Postmaster General Louis DeJoy is developing a 10-year strategic plan to address those problems, and will discuss the proposal before the House oversight committee Wednesday.

But it's already drawing criticism from congressional Democrats and some of the Post Office's biggest customers.

"The standard for the Postal Service has been the mail gets delivered on time 96% of the time," Sen. Gary Peters, D-Mich., tells NPR. "But what we're seeing nationally is roughly 80%, and in some areas considerably less than that. In Detroit, for example, it's roughly 74%. So that's still an unacceptable standard."

Peters, who chairs the Senate committee that oversees the Postal Service, was one of more than 30 Democratic senators who wrote to DeJoy last week, asking for an explanation of the poor on-time delivery rates.
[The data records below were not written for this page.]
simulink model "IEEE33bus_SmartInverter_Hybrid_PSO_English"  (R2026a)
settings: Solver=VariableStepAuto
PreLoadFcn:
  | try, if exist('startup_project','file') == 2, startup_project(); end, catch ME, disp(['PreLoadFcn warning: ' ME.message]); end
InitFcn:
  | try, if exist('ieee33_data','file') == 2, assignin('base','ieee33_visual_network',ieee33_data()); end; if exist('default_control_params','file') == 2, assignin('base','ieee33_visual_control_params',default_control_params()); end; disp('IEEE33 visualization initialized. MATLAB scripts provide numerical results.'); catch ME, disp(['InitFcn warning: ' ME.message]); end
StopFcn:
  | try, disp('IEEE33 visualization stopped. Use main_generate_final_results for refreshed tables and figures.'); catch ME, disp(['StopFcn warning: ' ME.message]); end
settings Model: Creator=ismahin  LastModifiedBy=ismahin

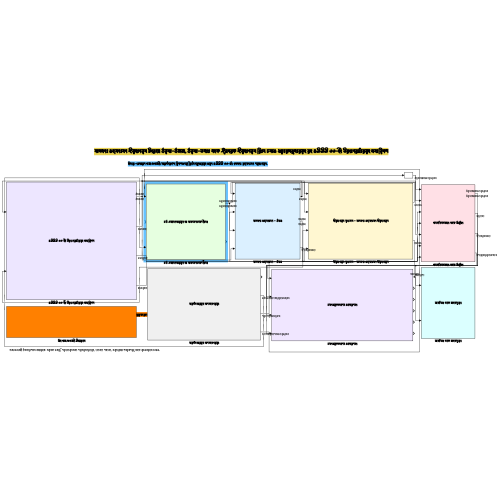
[thumbnail: Simulink's stored preview of the top-level diagram]
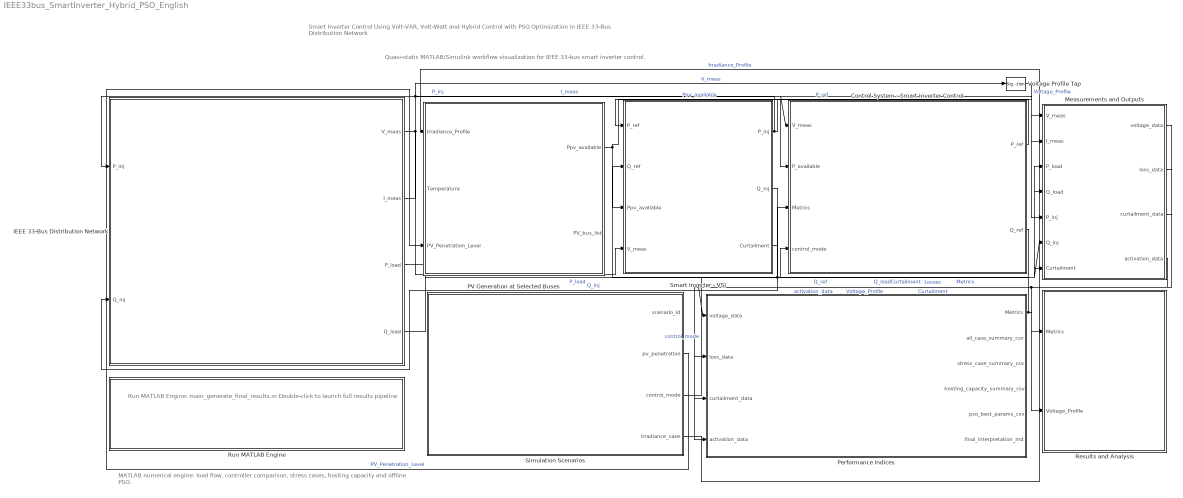
== system IEEE33bus_SmartInverter_Hybrid_PSO_English ==
  note: Run MATLAB Engine:\nmain_generate_final_results.m\nDouble-click to launch full results pipeline
  note: Smart Inverter Control Using Volt-VAR, Volt-Watt and Hybrid Control with PSO Optimization in IEEE 33-Bus Distribution Network
  note: Quasi-static MATLAB/Simulink workflow visualization for IEEE 33-bus smart inverter control.
  note: MATLAB numerical engine: load flow, controller comparison, stress cases, hosting capacity and offline PSO.
  Control System - Smart Inverter Control : Subsystem
      mask Display: color('black'); patch([0 1 1 0],[0 0 1 1],[1.000 0.970 0.820]); disp('Control System - Smart Inverter Control');
  IEEE 33-Bus Distribution Network : Subsystem
      mask Display: color('black'); patch([0 1 1 0],[0 0 1 1],[0.930 0.900 1.000]); disp('IEEE 33-Bus Distribution Network');
  Measurements and Outputs : Subsystem
      mask Display: color('black'); patch([0 1 1 0],[0 0 1 1],[1.000 0.880 0.900]); disp('Measurements and Outputs');
  PV Generation at Selected Buses : Subsystem
      mask Display: color('black'); patch([0 1 1 0],[0 0 1 1],[0.900 1.000 0.880]); disp('PV Generation at Selected Buses');
  Performance Indices : Subsystem
      mask Display: color('black'); patch([0 1 1 0],[0 0 1 1],[0.940 0.900 1.000]); disp('Performance Indices');
  Results and Analysis : Subsystem
      mask Display: color('black'); patch([0 1 1 0],[0 0 1 1],[0.860 1.000 1.000]); disp('Results and Analysis');
  Run MATLAB Engine : Subsystem
      settings: OpenFcn=try, evalin('base','main_generate_final_results'); catch ME, disp(['Pipeline launch failed: ' ME.message]); end
  Simulation Scenarios : Subsystem
      mask Display: color('black'); patch([0 1 1 0],[0 0 1 1],[0.940 0.940 0.940]); disp('Simulation Scenarios');
  Smart Inverter - VSI : Subsystem
      mask Display: color('black'); patch([0 1 1 0],[0 0 1 1],[0.860 0.940 1.000]); disp('Smart Inverter - VSI');
  Voltage Profile Tap : SignalSpecification
  wires:
  Simulation Scenarios/4(irradiance_case) -> PV Generation at Selected Buses/1(Irradiance_Profile)  "Irradiance_Profile"
  Simulation Scenarios/2(pv_penetration) -> PV Generation at Selected Buses/3(PV_Penetration_Level)  "PV_Penetration_Level"
  Simulation Scenarios/3(control_mode) -> Control System - Smart Inverter Control/4(control_mode)  "control_mode"
  PV Generation at Selected Buses/1(Ppv_available) -> Smart Inverter - VSI/3(Ppv_available), Control System - Smart Inverter Control/2(P_available)  "Ppv_available"
  IEEE 33-Bus Distribution Network/1(V_meas) -> Control System - Smart Inverter Control/1(V_meas), Voltage Profile Tap/1, Smart Inverter - VSI/4(V_meas)  "V_meas"
  Control System - Smart Inverter Control/1(P_ref) -> Smart Inverter - VSI/1(P_ref)  "P_ref"
  Control System - Smart Inverter Control/2(Q_ref) -> Smart Inverter - VSI/2(Q_ref)  "Q_ref"
  Smart Inverter - VSI/1(P_inj) -> IEEE 33-Bus Distribution Network/1(P_inj), Measurements and Outputs/5(P_inj)  "P_inj"
  Smart Inverter - VSI/2(Q_inj) -> IEEE 33-Bus Distribution Network/2(Q_inj), Measurements and Outputs/6(Q_inj)  "Q_inj"
  Voltage Profile Tap/1 -> Measurements and Outputs/1(V_meas)  "Voltage_Profile"
  IEEE 33-Bus Distribution Network/2(I_meas) -> Measurements and Outputs/2(I_meas)  "I_meas"
  IEEE 33-Bus Distribution Network/3(P_load) -> Measurements and Outputs/3(P_load)  "P_load"
  IEEE 33-Bus Distribution Network/4(Q_load) -> Measurements and Outputs/4(Q_load)  "Q_load"
  Smart Inverter - VSI/3(Curtailment) -> Measurements and Outputs/7(Curtailment)  "Curtailment"
  Measurements and Outputs/1(voltage_data) -> Performance Indices/1(voltage_data), Results and Analysis/2(Voltage_Profile)  "Voltage_Profile"
  Measurements and Outputs/2(loss_data) -> Performance Indices/2(loss_data)  "Losses"
  Measurements and Outputs/3(curtailment_data) -> Performance Indices/3(curtailment_data)  "Curtailment"
  Measurements and Outputs/4(activation_data) -> Performance Indices/4(activation_data)  "activation_data"
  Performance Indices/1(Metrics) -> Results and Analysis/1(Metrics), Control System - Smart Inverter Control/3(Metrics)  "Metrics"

Many congressional Democrats, upset with the Postal Service since DeJoy was named postmaster general last year, are calling for his ouster. Peters isn't there yet, but says he has "concerns about his performance to date. I think the numbers speak for themselves, but my focus right now is to make sure that we appoint a full complement of the Board of Governors."

It's the Board of Governors that has the actual power to name a postmaster general.

President Biden could name as many as four new members to the board, and Peters says there are "ongoing conversations" with the administration over possible nominations.

It was unclear ahead of the hearing what DeJoy's 10-year plan to reform the Postal Service will look like, but the Washington Post reported it includes slowing the delivery of some local first class mail.

Paul Steidler, senior fellow at the Lexington Institute, says "degrading" first class mail is a terrible idea. "You shouldn't even call it first class mail if it takes three days for something to get a short distance."

Steidler says it's the poor and the elderly who are hurt most by slower mail deliveries. "There's going to be greater instances of court notices not being received on time, payments to credit card companies not getting in on time and penalties being assessed," Steidler says, "and it's completely unnecessary."

There is also concern that DeJoy will propose raising postage rates to put the service on sounder financial footing. Michael Plunkett, president of PostCom, a trade association for large mailers, says that idea makes no sense.

"Customers of the Postal Service have been experiencing the worst service in decades in the last couple of months," he says. "It seems to me to be short sighted and perhaps imprudent to plan on a large price increase in the middle of a pretty significant economic recession when your customers are extremely dissatisfied with the level of service they've been experiencing."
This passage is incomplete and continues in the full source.